8.2. Performance Considerations
After you have done all the right things from a software engineering standpoint, your shader may or may not have acceptable performance. Here are some ideas for eking out better performance from your carefully crafted shader.
8.2.1. Consider Computational Frequency
Shading computations can occur in three areas: on the CPU, on the vertex processor, and on the fragment processor. It is tempting to put most of your shader computation in the fragment shader because this is executed for every pixel that is drawn, and you will, therefore, get the highest-quality image. But if performance is a concern, you may be able to identify computations that can be done with acceptable quality per vertex instead of per fragment. By moving the computation to the vertex shader, you can make your fragment shader faster. In some cases, there may be no visible difference between doing the computation in the vertex shader versus doing it in the fragment shader. This might be the case with fog computations, for example.
One way to think about the problem is to implement rapidly changing characteristics in the fragment shader and to implement characteristics that don't change as rapidly in the vertex shader. For instance, diffuse lighting effects change slowly over a surface and so can usually be computed with sufficient quality in the vertex shader. Specular lighting effects might need to be implemented in the fragment shader to achieve high quality. If a particular value changes linearly across an object's surface, you can get the same result by computing the value per vertex and using a varying variable to interpolate it as you would by computing the value at each fragment. In this case, you may as well have the vertex shader do the computation. Unless you are rendering very small triangles, your fragment shader will execute far more times than your vertex shader will, so it is more efficient to do the computation in the vertex shader.
Similarly, you may be able to find computations that can be done once on the CPU and remain constant for a great many executions of your vertex shader or fragment shader. You can often save shader instruction space or improve shader performance (or both) by precomputing values in your application code and passing them to your shader as uniform variables. Sometimes you can spot these things by analyzing your shader code. If you pass length in as a uniform variable and your shader always computes sqrt(length), you're better off doing the computation once on the host CPU and passing that value to your shader rather than computing the value for every execution of your shader. If your shader needs both length and sqrt(length), you can pass both values in as uniform variables.
Deciding where to perform computation also involves knowing where the computational bottleneck occurs for a particular rendering operation. You just need to speed up the slowest part of the system to see an improvement in performance. Conversely, you shouldn't spend time improving the performance of something that isn't a bottleneck, because you won't see the gain in performance anyway.
8.2.2. Analyze Your Algorithm
You can often make your shader more efficient just by understanding the math it uses.

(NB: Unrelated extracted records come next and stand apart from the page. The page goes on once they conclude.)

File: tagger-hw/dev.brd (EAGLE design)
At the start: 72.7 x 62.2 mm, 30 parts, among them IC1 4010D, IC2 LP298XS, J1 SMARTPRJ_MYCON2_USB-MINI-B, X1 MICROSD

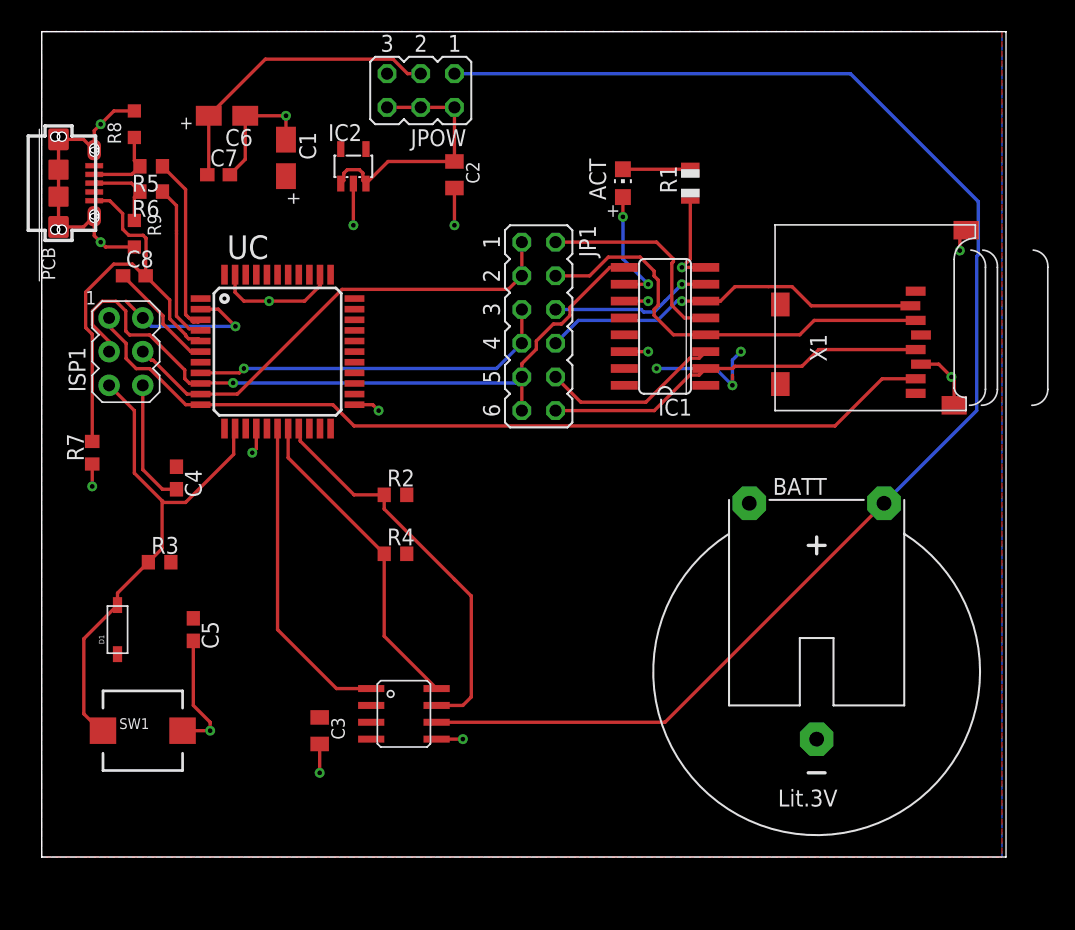
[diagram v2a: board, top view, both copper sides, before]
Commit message: Mostly trace width changes
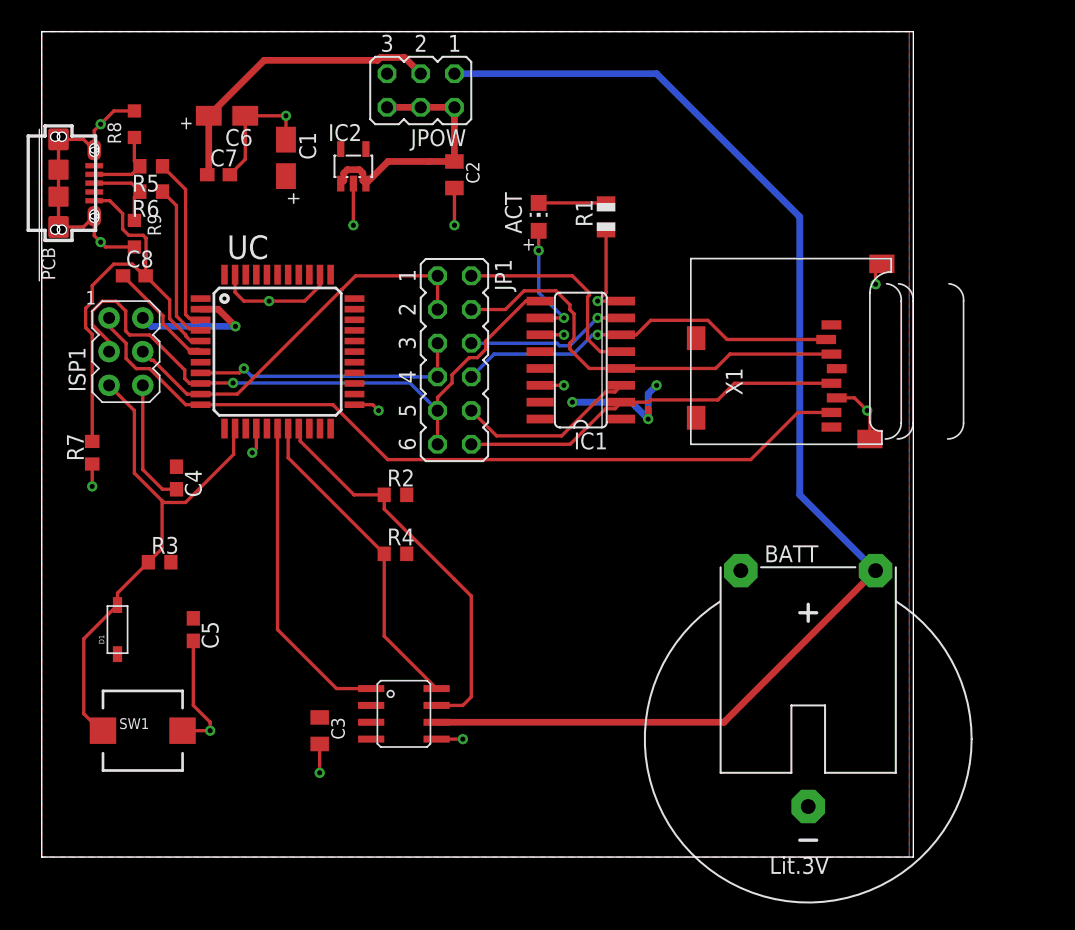
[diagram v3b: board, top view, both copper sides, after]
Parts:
- moved JP1 6.84 mm to (31.1, 37.5)
- moved IC1 6.84 mm to (40.6, 37.5)
- moved R1 6.84 mm to (42.5, 48.3)
- moved ACT 6.84 mm to (37.5, 48.3)
- moved X1 6.84 mm to (48.9, 31.1)
- moved BATT 5.12 mm to (57.8, 8.89)
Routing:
- net VBAT: track 109.7 -> 97.4 mm
- net CS_SD: track 27.7 -> 20.8 mm
- net MOSI: track 36.1 -> 29.8 mm
- net SCK: track 55.3 -> 49.6 mm
- net MISO: track 66.7 -> 61.4 mm
- net +3V3: track 22.0 -> 20.2 mm
- net UCAP: track 8.57 -> 9.31 mm
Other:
- board size 72.7 x 62.2 mm -> 65.7 x 62.2 mm

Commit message: dev_v0 routing/placement lock
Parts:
- removed SW1: (no value), adafruit:PUSHBUTTON_SMD_SJ
- added C9: 0.1uF, adafruit:C0805K
- added F1: MF-MSMF050-2, adafruit:1812
- added R10: 1k, resistor:R0603
- added R11: 100k, resistor:R0603
- added S1: B3F-1002, switch-omron:B3F-10XX
- added SV1: SSA-132-S-T, con-lsta:FE05-1
- added U$1: EXC-31B, dorskyee:XTAL-SM2
- added U$2: MH2029-300Y, dorskyee:C0805
- added UCLK2: DS1347T+, dorskyee:8_TDFN-EP
- added X2, X3: 22-23-2021, con-molex:22-23-2021
- D1: value (none) -> 1N4148W-7-F
- JP1, JPOW: value (none) -> HDR100IMP40M-G-V-TH
- moved R4 7.01 mm to (19.7, 22.2), turned to 270 degrees
- moved BATT 6.75 mm to (52.7, 13.3)
- moved R2 6.48 mm to (20.3, 26.0), turned to 270 degrees
- moved C1 6.25 mm to (24.1, 50.2)
- moved C7 6.25 mm to (19.1, 48.9)
- moved C6 6.25 mm to (19.7, 53.3)
- moved IC2 4.45 mm to (27.9, 52.1)
- moved R6 0.63 mm to (8.26, 49.5)
- renumbered UCLK to UCLK1
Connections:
- removed net VBUS_L: J1.P1
- new net CS_RTC: UC.28, UCLK2.P$1
- new net PPS: SV1.1, UC.30
- new net RTC_X1: U$1.P$2, UCLK2.P$8
- new net RTC_X2: U$1.P$1, UCLK2.P$7
- new net RX: SV1.2, UC.20
- new net TRIG_H: R10.1, X2.1
- new net TRIG_L: R11.2, UC.29, X2.2
- new net TX: SV1.3, UC.21
- new net VBUS_F: F1.1, J1.P1
- net +3V3: now also C9.1, R10.2, SV1.5, UCLK2.P$6
- net GND: now also C9.2, R11.1, S1.3, S1.4, SV1.4, U$2.1, UCLK2.P$4, X3.2; no longer SW1.P$1
- net MISO: now also UCLK2.P$2
- net MOSI: now also UCLK2.P$3
- net RESET: now also S1.1, S1.2; no longer SW1.P$2
- net UGND: now also U$2.2
- net VBUS: now also F1.2, UC.7
- net VEXT: now also X3.1
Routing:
- net PPS: track 0.00 -> 40.9 mm, vias 0 -> 1
- net RX: track 0.00 -> 36.3 mm, vias 0 -> 1
- net TRIG_L: track 0.00 -> 32.1 mm, vias 0 -> 1
- net TX: track 0.00 -> 31.0 mm, vias 0 -> 1
- net MOSI: track 29.8 -> 52.1 mm, vias 0 -> 1
- net CS_RTC: track 0.00 -> 19.4 mm, vias 0 -> 2
- net GND: track 94.0 -> 113.3 mm, vias 17 -> 21
- net VEXT: track 0.00 -> 18.4 mm
- net VBUS: track 22.8 -> 37.6 mm, vias 0 -> 2
- net VBUS_F: track 0.00 -> 14.7 mm
- net MISO: track 61.4 -> 71.8 mm
- net VBAT: track 97.4 -> 88.7 mm
- net RESET: track 39.8 -> 44.5 mm
- net VCC: track 19.9 -> 15.9 mm
- net TRIG_H: track 0.00 -> 3.26 mm
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- added copper zone on layer 16, net +3V3
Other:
- board text added: "12/28/2017"
- board text added: "Evan Dorsky"
- board text added: "Film Tagger dev_v0"

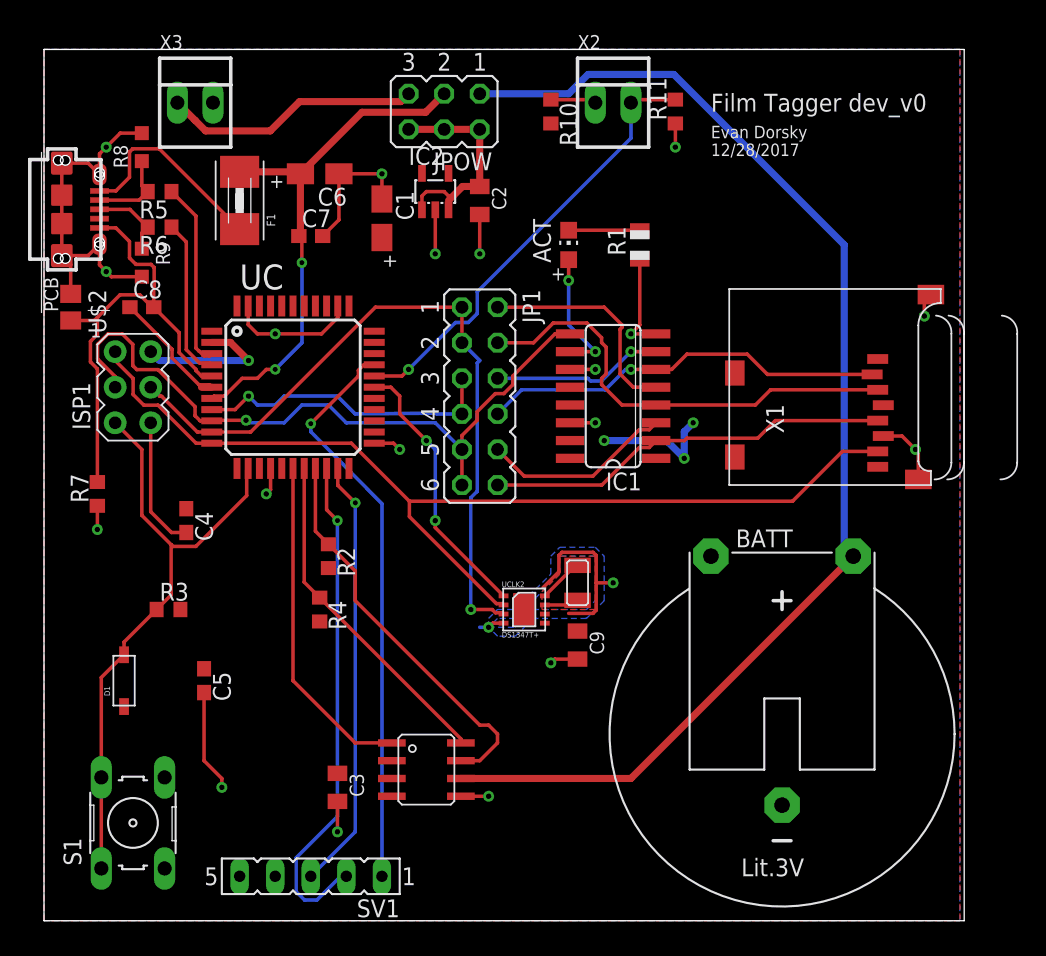
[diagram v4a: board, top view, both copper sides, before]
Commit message: Just kidding, add more buttons and LEDs
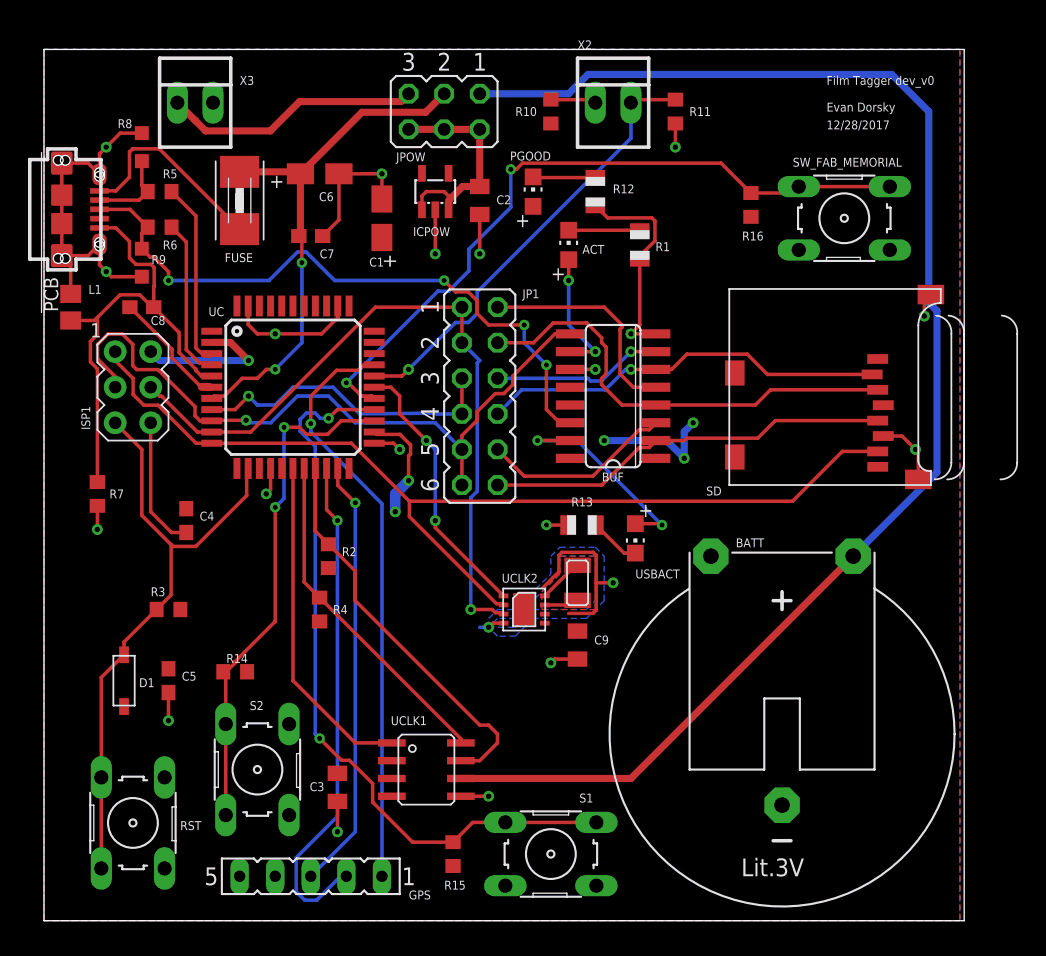
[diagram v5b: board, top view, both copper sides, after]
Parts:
- added PGOOD, USBACT: GREEN, adafruit:CHIP-LED0805
- added R12, R13: 1K, adafruit:R0805
- added R14, R15, R16: 10k, resistor:R0603
- added RST, S2, SW_FAB_MEMORIAL: B3F-1002, switch-omron:B3F-10XX
- moved S1 29.9 mm to (36.2, 4.76), turned to 0 degrees
- moved C5 2.54 mm to (8.89, 17.1)
- renumbered F1 to FUSE, IC1 to BUF, IC2 to ICPOW, SV1 to GPS, U$2 to L1, X1 to SD
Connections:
- new net +3V3_D: PGOOD.C, R12.2
- new net BTN1: R14.1, S2.1, S2.2, UC.25
- new net BTN2: R15.1, S1.1, S1.2, UC.26
- new net BTN3: R16.1, SW_FAB_MEMORIAL.1, SW_FAB_MEMORIAL.2, UC.27
- new net D+_BUF: BUF.15, USBACT.A
- new net D+_BUF_D: R13.2, USBACT.C
- net +3V3: now also PGOOD.A, R14.2, R15.2, R16.2
- net D+: now also BUF.14
- net GND: now also R12.1, R13.1, RST.3, RST.4, S2.3, S2.4, SW_FAB_MEMORIAL.3, SW_FAB_MEMORIAL.4; no longer BUF.14
- net RESET: now also RST.1, RST.2; no longer S1.1, S1.2
- net VBUS: now also FUSE.1, J1.P1; no longer C6.+, C7.1, FUSE.2, JPOW.3, UC.7
- net VBUS_F: now also C6.+, C7.1, FUSE.2, JPOW.3, UC.7; no longer FUSE.1, J1.P1
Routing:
- net BTN2: track 0.00 -> 53.4 mm, vias 0 -> 2
- net BTN3: track 0.00 -> 51.3 mm, vias 0 -> 2
- net D+: track 5.68 -> 46.6 mm, vias 0 -> 4
- net BTN1: track 0.00 -> 36.7 mm, vias 0 -> 2
- net VBUS_F: track 14.7 -> 37.6 mm, vias 0 -> 2
- net VBUS: track 37.6 -> 14.7 mm, vias 2 -> 0
- net D+_BUF: track 0.00 -> 15.7 mm, vias 0 -> 2
- net VBAT: track 88.7 -> 102.8 mm
- net +3V3: track 19.5 -> 27.6 mm, vias 4 -> 6
- net +3V3_D: track 0.00 -> 4.47 mm
- net D+_BUF_D: track 0.00 -> 3.64 mm
- net GND: track 113.3 -> 115.6 mm
- net PPS: track 40.9 -> 41.8 mm
- net CS_SD: track 21.9 -> 22.4 mm
- net SCK: track 50.7 -> 51.2 mm

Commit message: Minor name changes
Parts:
- renumbered U$1 to X1, X2 to J2, X3 to J3
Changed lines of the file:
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@@
 <attribute name="VALUE" x="36.2" y="20.685" size="0.635" layer="27" font="vector" rot="R270"/>
 </element>
-<element name="U$1" library="dorskyee" package="XTAL-SM2" value="EXC-31B" x="38.1" y="24.13" smashed="yes" rot="R90"/>
-<element name="X2" library="con-molex" library_urn="urn:adsk.eagle:library:165" package="22-23-2021" value="22-23-2021" x="40.64" y="58.42" smashed="yes">
+<element name="X1" library="dorskyee" package="XTAL-SM2" value="EXC-31B" x="38.1" y="24.13" smashed="yes" rot="R90"/>
+<element name="J2" library="con-molex" library_urn="urn:adsk.eagle:library:165" package="22-23-2021" value="22-23-2021" x="40.64" y="58.42" smashed="yes">
 <attribute name="MF" value="MOLEX" x="40.64" y="58.42" size="1.778" layer="27" display="off"/>
 <attribute name="MPN" value="22-23-2021" x="40.64" y="58.42" size="1.778" layer="27" display="off"/>
@@
 <attribute name="VALUE" x="46.99" y="57.15" size="0.635" layer="27" font="vector" rot="R90"/>
 </element>
-<element name="X3" library="con-molex" library_urn="urn:adsk.eagle:library:165" package="22-23-2021" value="22-23-2021" x="10.795" y="58.42" smashed="yes">
+<element name="J3" library="con-molex" library_urn="urn:adsk.eagle:library:165" package="22-23-2021" value="22-23-2021" x="10.795" y="58.42" smashed="yes">
 <attribute name="MF" value="MOLEX" x="10.795" y="58.42" size="1.778" layer="27" display="off"/>
 <attribute name="MPN" value="22-23-2021" x="10.795" y="58.42" size="1.778" layer="27" display="off"/>
@@
 <wire x1="45.085" y1="56.935" x2="45.085" y2="55.245" width="0.254" layer="1"/>
 <via x="45.085" y="55.245" extent="1-16" drill="0.381"/>
-<contactref element="X3" pad="2"/>
+<contactref element="J3" pad="2"/>
 <wire x1="36.195" y1="18.415" x2="36.465" y2="18.685" width="0.254" layer="1"/>
 <wire x1="36.465" y1="18.685" x2="38.1" y2="18.685" width="0.254" layer="1"/>
@@
 <signal name="VEXT">
 <contactref element="JPOW" pad="5"/>
-<contactref element="X3" pad="1"/>
+<contactref element="J3" pad="1"/>
 <wire x1="9.525" y1="58.42" x2="10.795" y2="57.15" width="0.508" layer="1"/>
 <wire x1="10.795" y1="57.15" x2="10.79625625" y2="57.15" width="0.508" layer="1"/>
@@
 <signal name="RTC_X2">
 <contactref element="UCLK2" pad="P$7"/>
-<contactref element="U$1" pad="P$1"/>
+<contactref element="X1" pad="P$1"/>
 <wire x1="35.765" y1="22.55" x2="37.77" y2="22.55" width="0.254" layer="1"/>
 <wire x1="37.77" y1="22.55" x2="38.1" y2="22.88" width="0.254" layer="1"/>
@@
 <signal name="RTC_X1">
 <contactref element="UCLK2" pad="P$8"/>
-<contactref element="U$1" pad="P$2"/>
+<contactref element="X1" pad="P$2"/>
 <wire x1="35.765" y1="23.2" x2="37.945" y2="25.38" width="0.254" layer="1"/>
 <wire x1="37.945" y1="25.38" x2="38.1" y2="25.38" width="0.254" layer="1"/>
@@
 </signal>
 <signal name="TRIG_L">
-<contactref element="X2" pad="2"/>
+<contactref element="J2" pad="2"/>
 <contactref element="R11" pad="2"/>
 <contactref element="UC" pad="29"/>
@@
 </signal>
 <signal name="TRIG_H">
-<contactref element="X2" pad="1"/>
+<contactref element="J2" pad="1"/>
 <contactref element="R10" pad="1"/>
 <wire x1="39.37" y1="58.42" x2="39.155" y2="58.635" width="0.254" layer="1"/>

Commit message: More renaming
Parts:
- ICPOW: value LP298XS -> CAT6219-330TDGT3
- renumbered J1 to JUSB
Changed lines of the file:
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@@
 <attribute name="VALUE" x="29.215" y="52.435" size="0.635" layer="27" font="vector" rot="R270"/>
 </element>
-<element name="ICPOW" library="adafruit" package="SOT23-5L" value="LP298XS" x="27.94" y="52.07" smashed="yes">
+<element name="ICPOW" library="adafruit" package="SOT23-5L" value="CAT6219-330TDGT3" x="27.94" y="52.07" smashed="yes">
 <attribute name="NAME" x="26.3525" y="48.895" size="0.635" layer="25" font="vector"/>
 <attribute name="VALUE" x="26.035" y="48.641" size="0.635" layer="27" font="vector"/>
@@
 <attribute name="VALUE" x="32.004" y="63.627" size="0.635" layer="27" font="vector" ratio="10" rot="R180"/>
 </element>
-<element name="J1" library="dorskyee" package="SMARTPRJ_CON2_USB_MICRO_B_AT" value="SMARTPRJ_MYCON2_USB-MINI-B" x="1.27" y="50.8" smashed="yes" rot="R270"/>
+<element name="JUSB" library="dorskyee" package="SMARTPRJ_CON2_USB_MICRO_B_AT" value="SMARTPRJ_MYCON2_USB-MINI-B" x="1.27" y="50.8" smashed="yes" rot="R270"/>
 <element name="R5" library="resistor" library_urn="urn:adsk.eagle:library:348" package="R0603" package3d_urn="urn:adsk.eagle:package:26057/1" value="22" x="8.255" y="52.07" smashed="yes" rot="R180">
 <attribute name="NAME" x="9.525" y="53.6575" size="0.635" layer="25" font="vector" rot="R180"/>
@@
 <via x="20.955" y="6.35" extent="1-16" drill="0.381"/>
 <contactref element="BATT" pad="-"/>
-<contactref element="J1" pad="S6"/>
-<contactref element="J1" pad="S5"/>
-<contactref element="J1" pad="S4"/>
-<contactref element="J1" pad="S3"/>
-<contactref element="J1" pad="S2"/>
-<contactref element="J1" pad="S1"/>
+<contactref element="JUSB" pad="S6"/>
+<contactref element="JUSB" pad="S5"/>
+<contactref element="JUSB" pad="S4"/>
+<contactref element="JUSB" pad="S3"/>
+<contactref element="JUSB" pad="S2"/>
+<contactref element="JUSB" pad="S1"/>
 <contactref element="C7" pad="2"/>
 <contactref element="C6" pad="-"/>
@@
 </signal>
 <signal name="D-">
-<contactref element="J1" pad="P2"/>
+<contactref element="JUSB" pad="P2"/>
 <contactref element="R5" pad="2"/>
 <contactref element="R8" pad="1"/>
@@
 </signal>
 <signal name="D+">
-<contactref element="J1" pad="P3"/>
+<contactref element="JUSB" pad="P3"/>
 <contactref element="R6" pad="2"/>
 <contactref element="R9" pad="1"/>
@@
 </signal>
 <signal name="UGND">
-<contactref element="J1" pad="P5"/>
+<contactref element="JUSB" pad="P5"/>
 <contactref element="C8" pad="2"/>
 <contactref element="UC" pad="5"/>
@@
 </signal>
 <signal name="VBUS">
-<contactref element="J1" pad="P1"/>
+<contactref element="JUSB" pad="P1"/>
 <contactref element="FUSE" pad="1"/>
 <wire x1="6.104" y1="54.9028125" x2="6.3271875" y2="55.126" width="0.254" layer="1"/>

For instance, you might want to limit the range of the variable finalcolor to [0,1]. But if you know that you are only adding values to compute this variable and the values that you're adding are always positive, there's really no need to check the result against 0. An instruction like min(finalcolor, 1.0) clamps the result at 1.0, and this instruction likely has higher performance than an instruction like clamp(finalcolor, 0.0, 1.0) because it needs only to compare values against one number instead of two. If you define the valid range of all the variables in your shader, you can more easily see the boundary conditions that you need to handle.
8.2.3. Use the Built-in Functions
Whenever possible, use the built-in functions to implement the effect that you're trying to achieve. Built-in functions are intended to be implemented in an optimal way by the graphics hardware vendor. If your shader hand-codes the same effect as a built-in function, there's little chance that it will be faster than the built-in function but a good chance that it will be slower.
8.2.4. Use Vectors
The OpenGL Shading Language lets you express vector computations naturally, and underlying graphics hardware is often built to operate simultaneously on a vector of values. Therefore, you should take advantage of this and use vectors for calculations whenever possible. On the other hand, you shouldn't use vectors that are bigger than the computations require. Such use can waste registers, hardware interpolators (in the case of varying variables), processing bandwidth, or memory bandwidth.
8.2.5. Use Textures to Encode Complex Functions
Because fragment processing is now programmable, textures can be used for a lot more than just image data. You might want to consider storing a complex function in a texture and doing a single lookup rather than a complex computation within the fragment shader. This is illustrated in Chapter 15, in which we encode a noise function as a 3D texture. This approach takes advantage of the specialized high-performance hardware that performs texture access, and it can also take advantage of texture filtering hardware to interpolate between values encoded in the texture.
8.2.6. Review the Information Logs
One of the main ways that an OpenGL implementation can provide feedback to an application developer is through the shader object and program object information logs (see Section 7.6). During shader development, you should review the messages in the information logs for compiler and linker errors, but you should also review them to see if they include any performance or functionality warnings or other descriptive messages. These information logs are one of the primary ways for OpenGL implementations to convey implementation-dependent information about performance, resource limitations, and so on.